Aim of the task: The required output is a copy of each line in the material below that includes "contours".

________

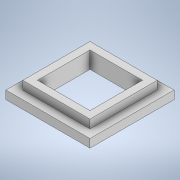
# Autodesk Inventor part: latticeChambercapv4
Saved by Autodesk Inventor 2020 (Build 240168000, 168)
## iProperties
Created: 2022-09-01
Part Number: latticeChambercapv4
Material: Generic
Document SubType Name: Modeling
Designer: ISS
Density: 1 g/cm^3
Appearance: Default
Author: ISS
Autodesk Inventor part; units mm, degrees
ref_plane "YZ Plane" through (0, 0, 0) normal (1, 0, 0) x (0, 1, 0)
ref_plane "XZ Plane" through (0, 0, 0) normal (0, 1, 0) x (-1, 0, 0)
ref_plane "XY Plane" through (0, 0, 0) normal (0, 0, 1) x (1, 0, 0)
sketch "Sketch10" plane through (0, 0, 0) normal (0, 1, 0) x (-1, 0, 0)
  line L0 (-11.8893, 0) -> (-31.8893, 0)
  line L1 (-31.8893, 0) -> (-31.8893, -20)
  line L2 (-31.8893, -20) -> (-11.8893, -20)
  line L3 (-11.8893, -20) -> (-11.8893, 0)
  line L4 (-11.8893, -20) -> (-31.8893, 0)
  line L5 (-31.8893, -20) -> (-11.8893, 0)
  line L6 (-21.8893, -10) -> (-28.1393, -10)
  line L7 (-28.1393, -10) -> (-28.1393, -16.25)
  line L8 (-28.1393, -16.25) -> (-21.8893, -16.25)
  line L9 (-21.8893, -16.25) -> (-21.8893, -10)
  line L10 (-28.1393, -16.25) -> (-15.6393, -16.25)
  line L11 (-15.6393, -16.25) -> (-15.6393, -3.75)
  line L12 (-15.6393, -3.75) -> (-28.1393, -3.75)
  line L13 (-28.1393, -3.75) -> (-28.1393, -16.25)
  point P0 (0, 0)
  dimension "d40" = 20
  dimension "d41" = 20
  dimension "d42" = 6.25
  dimension "d43" = 6.25
  dimension "d44" = 12.5
  dimension "d45" = 12.5
  constraints: 28 end point, 6 parallel, 3 horizontal, 3 perpendicular, 1 midpoint
  measures "d40" distance of L2.end L1.end
  measures "d41" distance of L1.end L0.end
  measures "d42" distance of L8.end L7.end
  measures "d43" distance of L7.end L6.end
  measures "d44" distance of L12.end L11.end
  measures "d45" distance of L11.end L10.end
extrude "Extrusion9" add sketch "Sketch10" along normal blind 2 contours L5 L12 L4 L0 | L3 L4 L11 L5 | L4 L13 L7 L5 L1 | L2 L5 L8 L10 L4
sketch "Sketch11" plane through (0, 2, 0) normal (0, 1, 0) x (1, 0, 0)
  line L0 (11.8893, 0) -> (31.8893, 0) projected
  line L1 (31.8893, 0) -> (31.8893, 20) projected
  line L2 (31.8893, 20) -> (11.8893, 20) projected
  line L3 (11.8893, 20) -> (11.8893, 0) projected
  line L4 (28.1393, 16.25) -> (28.1393, 3.75) projected
  line L5 (28.1393, 3.75) -> (15.6393, 3.75) projected
  line L6 (15.6393, 3.75) -> (15.6393, 16.25) projected
  line L7 (15.6393, 16.25) -> (28.1393, 16.25) projected
  line L8 (13.8893, 18) -> (29.8893, 18)
  line L9 (29.8893, 18) -> (29.8893, 2)
  line L10 (29.8893, 2) -> (13.8893, 2)
  line L11 (13.8893, 2) -> (13.8893, 18)
  point P0 (0, 0)
  dimension "d48" = 2
  constraints: 8 end point, 3 other
  measures "d48" distance between parallel lines of L2 L8
extrude "Extrusion10" add sketch "Sketch11" along normal blind 2 contours L8 L9 L10 L11
body "Solid1"

________

Written response:
extrude "Extrusion9" add sketch "Sketch10" along normal blind 2 contours L5 L12 L4 L0 | L3 L4 L11 L5 | L4 L13 L7 L5 L1 | L2 L5 L8 L10 L4
extrude "Extrusion10" add sketch "Sketch11" along normal blind 2 contours L8 L9 L10 L11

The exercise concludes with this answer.